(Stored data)
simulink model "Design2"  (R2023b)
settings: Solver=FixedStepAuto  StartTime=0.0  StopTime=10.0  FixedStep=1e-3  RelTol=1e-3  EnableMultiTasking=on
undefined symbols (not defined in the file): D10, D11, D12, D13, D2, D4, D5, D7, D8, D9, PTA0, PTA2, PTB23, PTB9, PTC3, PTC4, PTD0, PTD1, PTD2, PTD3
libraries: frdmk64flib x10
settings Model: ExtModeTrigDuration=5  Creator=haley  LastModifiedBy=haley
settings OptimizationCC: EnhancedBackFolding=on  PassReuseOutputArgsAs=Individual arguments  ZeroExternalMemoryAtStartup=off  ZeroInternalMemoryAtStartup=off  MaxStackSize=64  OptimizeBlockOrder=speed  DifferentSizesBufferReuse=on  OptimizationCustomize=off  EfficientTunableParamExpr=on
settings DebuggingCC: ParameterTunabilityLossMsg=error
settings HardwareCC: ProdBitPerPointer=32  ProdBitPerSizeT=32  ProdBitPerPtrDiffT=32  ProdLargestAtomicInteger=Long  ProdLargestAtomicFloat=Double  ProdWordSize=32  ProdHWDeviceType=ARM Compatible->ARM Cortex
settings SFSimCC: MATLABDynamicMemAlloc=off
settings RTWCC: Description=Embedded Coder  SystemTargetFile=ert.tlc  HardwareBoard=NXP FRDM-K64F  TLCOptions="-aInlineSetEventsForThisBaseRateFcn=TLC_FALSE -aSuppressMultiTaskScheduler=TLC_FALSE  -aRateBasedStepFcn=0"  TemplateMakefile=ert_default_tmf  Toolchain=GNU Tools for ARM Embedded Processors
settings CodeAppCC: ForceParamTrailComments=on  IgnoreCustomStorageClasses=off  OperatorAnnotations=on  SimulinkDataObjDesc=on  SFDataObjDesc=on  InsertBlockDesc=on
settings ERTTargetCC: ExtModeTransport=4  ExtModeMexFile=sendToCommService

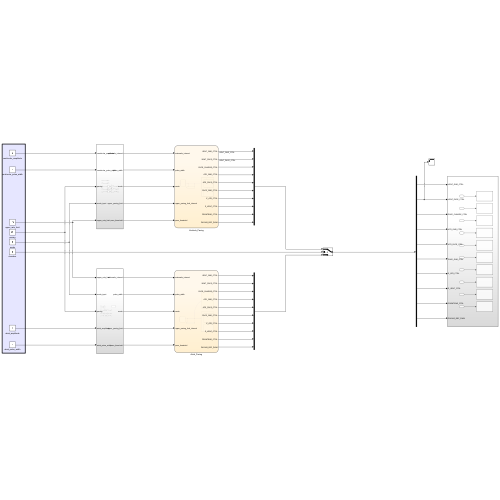
[thumbnail: Simulink's stored preview of the top-level diagram]
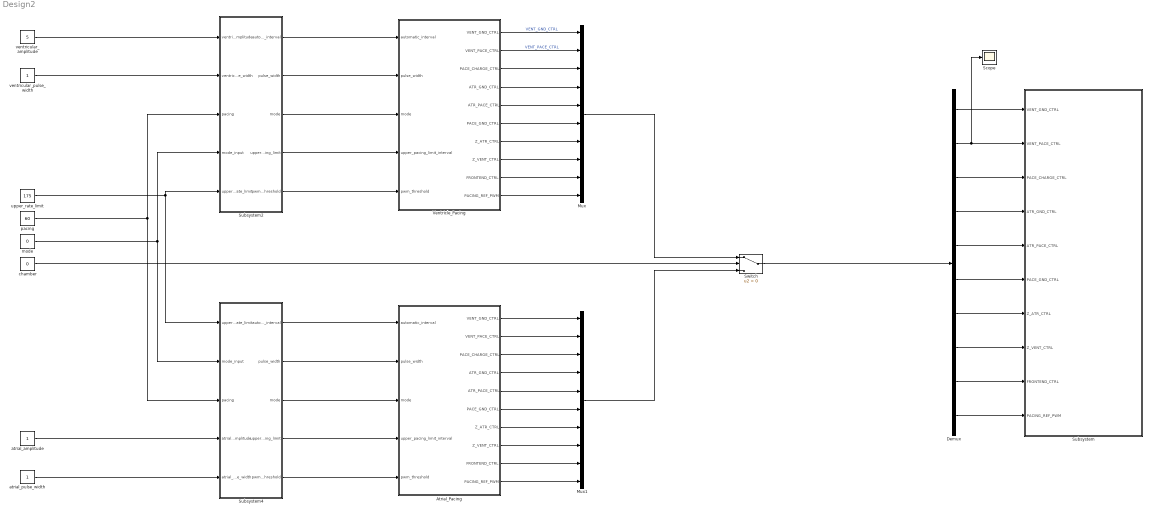
== system Design2 ==
  Atrial_Pacing : Stateflow chart  TreatAsAtomicUnit=on
      settings: PortSchema="{\"entries\":[{\"content\":{\"sides\":[{\"content\":{\"connectorIds\":[\"In1\",\"In2\",\"In3\",\"In4\",\"In5\"]},\"type\":\"ConnectorPlacement.EquallySpacedRectSide\",\"uuid\":\"0295b976-af9f-4ca7-b783-b7574ce7d878\"},{\"content\":{\"connectorIds\":[\"Out2\",\"Out3\",\"Out1\",\"Out8\",\"Out7\",\"Out4\",\"Out5\",\"Out6\",\"Out9\",\"Out10\"],\"side\":\"RIGHT\"},\"type\":\"ConnectorPlacement.EquallySpacedRectSide\",\"uuid\":\"8c797538-aae3-442d-b1de-b915081191d7\"},{\"content\":{\"side\":\"TOP\"},\"type\":\"ConnectorPlacement.EquallySpacedRectSide\",\"uuid\":\"af2b1efe-c74a-43e4-9bc2-de3c8cc2477c\"}]},\"type\":\"ConnectorPlacement.EquallySpacedConnector\",\"uuid\":\"3104347d-7f4e-4d45-9d00-2e2759d20ead\"}],\"packageUris\":[\"http://schema.mathworks.com/mf0/Connector/R2020b\"],\"version\":\"1.0\"}"
  Demux : Demux  Outputs=10
  Mux : Mux  Inputs=10
  Mux1 : Mux  Inputs=10
  Scope : Scope
  Subsystem : Subsystem
  Subsystem2 : Subsystem
  Subsystem4 : Subsystem
  Switch : Switch  Criteria=u2 > Threshold  SaturateOnIntegerOverflow=off  InputSameDT=off
  Ventricle_Pacing : Stateflow chart  TreatAsAtomicUnit=on
      settings: PortSchema="{\"entries\":[{\"content\":{\"sides\":[{\"content\":{\"connectorIds\":[\"In1\",\"In2\",\"In3\",\"In4\",\"In5\"]},\"type\":\"ConnectorPlacement.EquallySpacedRectSide\",\"uuid\":\"0295b976-af9f-4ca7-b783-b7574ce7d878\"},{\"content\":{\"connectorIds\":[\"Out2\",\"Out3\",\"Out1\",\"Out8\",\"Out7\",\"Out4\",\"Out5\",\"Out6\",\"Out9\",\"Out10\"],\"side\":\"RIGHT\"},\"type\":\"ConnectorPlacement.EquallySpacedRectSide\",\"uuid\":\"8c797538-aae3-442d-b1de-b915081191d7\"},{\"content\":{\"side\":\"TOP\"},\"type\":\"ConnectorPlacement.EquallySpacedRectSide\",\"uuid\":\"af2b1efe-c74a-43e4-9bc2-de3c8cc2477c\"}]},\"type\":\"ConnectorPlacement.EquallySpacedConnector\",\"uuid\":\"3104347d-7f4e-4d45-9d00-2e2759d20ead\"}],\"packageUris\":[\"http://schema.mathworks.com/mf0/Connector/R2020b\"],\"version\":\"1.0\"}"
  atrial_amplitude : Constant
  atrial_pulse_width : Constant
  chamber : Constant  Value=0
  mode : Constant  Value=0
  pacing : Constant  Value=60
  upper_rate_limit : Constant  Value=175
  ventricular_amplitude : Constant  Value=5
  ventricular_pulse_width : Constant
  wires:
  Subsystem2/1(automatic_interval) -> Ventricle_Pacing/1(automatic_interval)
  Subsystem2/2(pulse_width) -> Ventricle_Pacing/2(pulse_width)
  Ventricle_Pacing/2(VENT_GND_CTRL) -> Mux/1  "VENT_GND_CTRL"
  Ventricle_Pacing/3(VENT_PACE_CTRL) -> Mux/2  "VENT_PACE_CTRL"
  Ventricle_Pacing/1(PACE_CHARGE_CTRL) -> Mux/3
  Ventricle_Pacing/8(ATR_GND_CTRL) -> Mux/4
  Ventricle_Pacing/7(ATR_PACE_CTRL) -> Mux/5
  Ventricle_Pacing/4(PACE_GND_CTRL) -> Mux/6
  Ventricle_Pacing/5(Z_ATR_CTRL) -> Mux/7
  Ventricle_Pacing/6(Z_VENT_CTRL) -> Mux/8
  Ventricle_Pacing/9(FRONTEND_CTRL) -> Mux/9
  Mux/1 -> Switch/1
  Switch/1 -> Demux/1
  Demux/1 -> Subsystem/1(VENT_GND_CTRL)
  Demux/3 -> Subsystem/3(PACE_CHARGE_CTRL)
  Demux/4 -> Subsystem/4(ATR_GND_CTRL)
  Demux/5 -> Subsystem/5(ATR_PACE_CTRL)
  Demux/6 -> Subsystem/6(PACE_GND_CTRL)
  Demux/7 -> Subsystem/7(Z_ATR_CTRL)
  Demux/8 -> Subsystem/8(Z_VENT_CTRL)
  Demux/9 -> Subsystem/9(FRONTEND_CTRL)
  Subsystem2/3(mode) -> Ventricle_Pacing/3(mode)
  Atrial_Pacing/7(ATR_PACE_CTRL) -> Mux1/5
  Atrial_Pacing/4(PACE_GND_CTRL) -> Mux1/6
  Atrial_Pacing/8(ATR_GND_CTRL) -> Mux1/4
  Mux1/1 -> Switch/3
  Atrial_Pacing/1(PACE_CHARGE_CTRL) -> Mux1/3
  Atrial_Pacing/9(FRONTEND_CTRL) -> Mux1/9
  Atrial_Pacing/5(Z_ATR_CTRL) -> Mux1/7
  Atrial_Pacing/6(Z_VENT_CTRL) -> Mux1/8
  Subsystem4/1(automatic_interval) -> Atrial_Pacing/1(automatic_interval)
  Atrial_Pacing/3(VENT_PACE_CTRL) -> Mux1/2
  Subsystem4/2(pulse_width) -> Atrial_Pacing/2(pulse_width)
  Atrial_Pacing/2(VENT_GND_CTRL) -> Mux1/1
  Subsystem4/3(mode) -> Atrial_Pacing/3(mode)
  Subsystem2/4(upper_pacing_limit) -> Ventricle_Pacing/4(upper_pacing_limit_interval)
  Subsystem4/4(upper_pacing_limit) -> Atrial_Pacing/4(upper_pacing_limit_interval)
  Ventricle_Pacing/10(PACING_REF_PWM) -> Mux/10
  Atrial_Pacing/10(PACING_REF_PWM) -> Mux1/10
  Demux/10 -> Subsystem/10(PACING_REF_PWM)
  upper_rate_limit/1 -> Subsystem4/1(upper_rate_limit), Subsystem2/5(upper_rate_limit)
  mode/1 -> Subsystem4/2(mode_input), Subsystem2/4(mode_input)
  ventricular_amplitude/1 -> Subsystem2/1(ventricular_amplitude)
  ventricular_pulse_width/1 -> Subsystem2/2(ventricular_pulse_width)
  atrial_amplitude/1 -> Subsystem4/4(atrial_amplitude)
  atrial_pulse_width/1 -> Subsystem4/5(atrial_pulse_width)
  chamber/1 -> Switch/2
  Subsystem2/5(pwm_threshold) -> Ventricle_Pacing/5(pwm_threshold)
  Subsystem4/5(pwm_threshold) -> Atrial_Pacing/5(pwm_threshold)
  pacing/1 -> Subsystem2/3(pacing), Subsystem4/3(pacing)
  Demux/2 -> Subsystem/2(VENT_PACE_CTRL), Scope/1

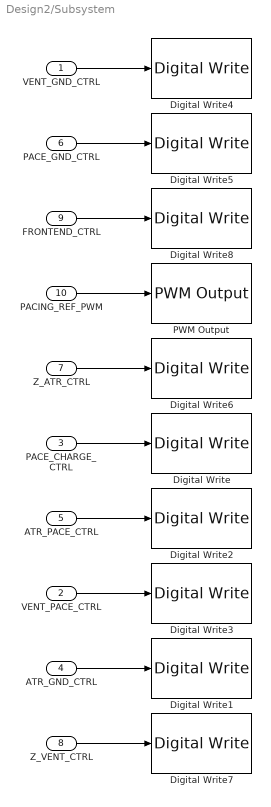
== system Design2/Subsystem ==
  VENT_GND_CTRL : Inport
  VENT_PACE_CTRL : Inport  Port=2
  PACE_CHARGE_CTRL : Inport  Port=3
  ATR_GND_CTRL : Inport  Port=4
  ATR_PACE_CTRL : Inport  Port=5
  PACE_GND_CTRL : Inport  Port=6
  Z_ATR_CTRL : Inport  Port=7
  Z_VENT_CTRL : Inport  Port=8
  FRONTEND_CTRL : Inport  Port=9
  PACING_REF_PWM : Inport  Port=10
  Digital Write : frdmk64flib/Digital Write  Whichpin=PTB9 (D2)
  Digital Write1 : frdmk64flib/Digital Write  Whichpin=PTD2 (D11)
  Digital Write2 : frdmk64flib/Digital Write  Whichpin=PTA0 (D8)
  Digital Write3 : frdmk64flib/Digital Write  Whichpin=PTC4 (D9)
  Digital Write4 : frdmk64flib/Digital Write  Whichpin=PTD3 (D12)
  Digital Write5 : frdmk64flib/Digital Write  Whichpin=PTD0 (D10)
  Digital Write6 : frdmk64flib/Digital Write  Whichpin=PTB23 (D4)
  Digital Write7 : frdmk64flib/Digital Write  Whichpin=PTC3 (D7)
  Digital Write8 : frdmk64flib/Digital Write  Whichpin=PTD1 (D13)
  PWM Output : frdmk64flib/PWM Output  Whichpin=PTA2 (D5)  InitialFrequency=2000  InitialDutyCycle=0
  wires:
  Z_ATR_CTRL/1 -> Digital Write6/1
  VENT_PACE_CTRL/1 -> Digital Write3/1
  FRONTEND_CTRL/1 -> Digital Write8/1
  PACING_REF_PWM/1 -> PWM Output/1
  ATR_PACE_CTRL/1 -> Digital Write2/1
  Z_VENT_CTRL/1 -> Digital Write7/1
  VENT_GND_CTRL/1 -> Digital Write4/1
  PACE_CHARGE_CTRL/1 -> Digital Write/1
  ATR_GND_CTRL/1 -> Digital Write1/1
  PACE_GND_CTRL/1 -> Digital Write5/1

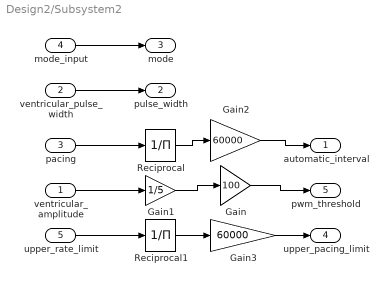
== system Design2/Subsystem2 ==
  ventricular_amplitude : Inport
  ventricular_pulse_width : Inport  Port=2
  pacing : Inport  Port=3
  mode_input : Inport  Port=4
  upper_rate_limit : Inport  Port=5
  Gain : Gain  Gain=100
  Gain1 : Gain  Gain=1/5
  Gain2 : Gain  Gain=60000
  Gain3 : Gain  Gain=60000
  Reciprocal : Product  Inputs=/
  Reciprocal1 : Product  Inputs=/
  automatic_interval : Outport
  pulse_width : Outport  Port=2
  mode : Outport  Port=3
  upper_pacing_limit : Outport  Port=4
  pwm_threshold : Outport  Port=5
  wires:
  mode_input/1 -> mode/1
  Gain1/1 -> Gain/1
  ventricular_amplitude/1 -> Gain1/1
  ventricular_pulse_width/1 -> pulse_width/1
  pacing/1 -> Reciprocal/1
  Reciprocal1/1 -> Gain3/1
  upper_rate_limit/1 -> Reciprocal1/1
  Reciprocal/1 -> Gain2/1
  Gain2/1 -> automatic_interval/1
  Gain/1 -> pwm_threshold/1
  Gain3/1 -> upper_pacing_limit/1

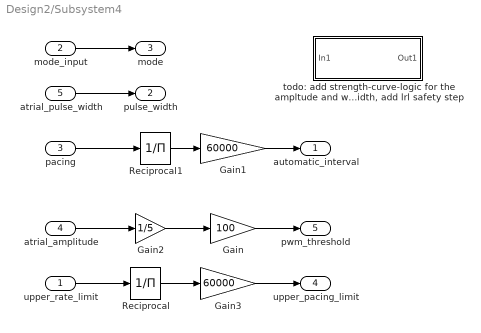
== system Design2/Subsystem4 ==
  upper_rate_limit : Inport
  mode_input : Inport  Port=2
  pacing : Inport  Port=3
  atrial_amplitude : Inport  Port=4
  atrial_pulse_width : Inport  Port=5
  Gain : Gain  Gain=100
  Gain1 : Gain  Gain=60000
  Gain2 : Gain  Gain=1/5
  Gain3 : Gain  Gain=60000
  Reciprocal : Product  Inputs=/
  Reciprocal1 : Product  Inputs=/
  "todo: add strength-curve-logic for the ampltude and width, add lrl safety step" : Subsystem
  automatic_interval : Outport
  pulse_width : Outport  Port=2
  mode : Outport  Port=3
  upper_pacing_limit : Outport  Port=4
  pwm_threshold : Outport  Port=5
  wires:
  atrial_amplitude/1 -> Gain2/1
  mode_input/1 -> mode/1
  atrial_pulse_width/1 -> pulse_width/1
  Gain2/1 -> Gain/1
  Gain1/1 -> automatic_interval/1
  Gain/1 -> pwm_threshold/1
  Gain3/1 -> upper_pacing_limit/1
  upper_rate_limit/1 -> Reciprocal/1
  Reciprocal/1 -> Gain3/1
  pacing/1 -> Reciprocal1/1
  Reciprocal1/1 -> Gain1/1

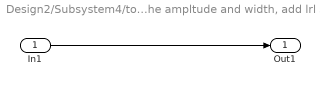
== system Design2/Subsystem4/todo: add strength-curve-logic for the ampltude and width, add lrl safety step ==
  In1 : Inport
  Out1 : Outport
  wires:
  In1/1 -> Out1/1

== stateflow chart Design2/Ventricle_Pacing ==
  state VOO
    state Charge_C22_Discharge_C21
      entry:
      %Charge C22
      VENT_PACE_CTRL = 0;
      PACE_CHARGE_CTRL = 1;
      %Discharge C21
      VENT_GND_CTRL= 1;
    state ChargeC21_and_DischargeC22
      %Creates the leading edge and sends pulse for X amount of time
      entry:
      PACE_CHARGE_CTRL = 0;
      VENT_GND_CTRL = 0;
      VENT_PACE_CTRL = 1;
      %Recharge pulse is the current in the opposite direction due to C21
    (default) -> Charge_C22_Discharge_C21
    Charge_C22_Discharge_C21 -> ChargeC21_and_DischargeC22 : after(c_automatic_interval-pulse_width, msec)
    ChargeC21_and_DischargeC22 -> Charge_C22_Discharge_C21 : after(pulse_width, msec)
  state Mode_Selection
    entry: %Safe State
    ATR_PACE_CTRL = 0;
    VENT_PACE_CTRL=0;
    PACING_REF_PWM = pwm_threshold;
    PACE_CHARGE_CTRL=0;
    PACE_GND_CTRL = 1;
    VENT_PACE_CTRL=0;
    Z_ATR_CTRL=0;
    Z_VENT_CTRL=0;
    ATR_PACE_CTRL=0;
    ATR_GND_CTRL=0;
    VENT_GND_CTRL=1;
    FRONTEND_CTRL=0;
    c_automatic_interval = automatic_interval;
  state SpeedGreaterThanUpperLimit
    entry:
    c_automatic_interval = upper_pacing_limit_interval
  (default) -> Mode_Selection
  Mode_Selection -> (junction 52)
  (junction 52) -> (junction 59) [order 2] : [automatic_interval<=upper_pacing_limit_interval]
  (junction 59) -> VOO : [mode==0]
  (junction 52) -> SpeedGreaterThanUpperLimit [order 1] : [automatic_interval>upper_pacing_limit_interval]
  SpeedGreaterThanUpperLimit -> (junction 59)
  data: automatic_interval input; pulse_width input; PACE_CHARGE_CTRL output; VENT_GND_CTRL output; VENT_PACE_CTRL output; mode input; PACE_GND_CTRL output; Z_ATR_CTRL output; Z_VENT_CTRL output; ATR_PACE_CTRL output; ATR_GND_CTRL output; FRONTEND_CTRL output; upper_pacing_limit_interval input; pwm_threshold input; PACING_REF_PWM output; c_automatic_interval local

== stateflow chart Design2/Atrial_Pacing ==
  state AAI
  state AOO
    state Charge_C22_Discharge_C21
      entry:
      %Charge C22
      ATR_PACE_CTRL = 0;
      PACE_CHARGE_CTRL = 1;
      %Discharge C21
      ATR_GND_CTRL= 1;
    state ChargeC21_and_DischargeC22
      %Creates the leading edge and sends pulse for X amount of time
      entry:
      PACE_CHARGE_CTRL = 0;
      ATR_PACE_CTRL = 1;
      ATR_GND_CTRL = 0;
    (default) -> Charge_C22_Discharge_C21
    Charge_C22_Discharge_C21 -> ChargeC21_and_DischargeC22 : after(c_automatic_interval-pulse_width, msec)
    ChargeC21_and_DischargeC22 -> Charge_C22_Discharge_C21 : after(pulse_width, msec)
  state Mode_Selection
    entry: %Safe State
    ATR_PACE_CTRL = 0;
    VENT_PACE_CTRL=0;
    PACING_REF_PWM = pwm_threshold;
    PACE_CHARGE_CTRL=0;
    PACE_GND_CTRL = 1;
    VENT_PACE_CTRL=0;
    Z_ATR_CTRL=0;
    Z_VENT_CTRL=0;
    ATR_PACE_CTRL=0;
    ATR_GND_CTRL=1;
    VENT_GND_CTRL=0;
    FRONTEND_CTRL=0;
    c_automatic_interval = automatic_interval;
  state SpeedGreaterThanUpperLimit
    entry:
    c_automatic_interval = upper_pacing_limit_interval
  (junction 52) -> AAI [order 2] : [mode == 1]
  Mode_Selection -> (junction 59)
  (junction 59) -> (junction 52) [order 2] : [automatic_interval<=upper_pacing_limit_interval]
  (junction 52) -> AOO [order 1] : [mode==0]
  (junction 59) -> SpeedGreaterThanUpperLimit [order 1] : [automatic_interval>upper_pacing_limit_interval]
  SpeedGreaterThanUpperLimit -> (junction 52)
  (default) -> Mode_Selection
  data: automatic_interval input; pulse_width input; PACE_CHARGE_CTRL output; VENT_GND_CTRL output; VENT_PACE_CTRL output; mode input; PACE_GND_CTRL output; Z_ATR_CTRL output; Z_VENT_CTRL output; ATR_PACE_CTRL output; ATR_GND_CTRL output; FRONTEND_CTRL output; upper_pacing_limit_interval input; PACING_REF_PWM output; pwm_threshold input; c_automatic_interval local

Required action: What is the number of lines in the records that include the word "ampltude"? Answer with that number only.

Expected answer: 2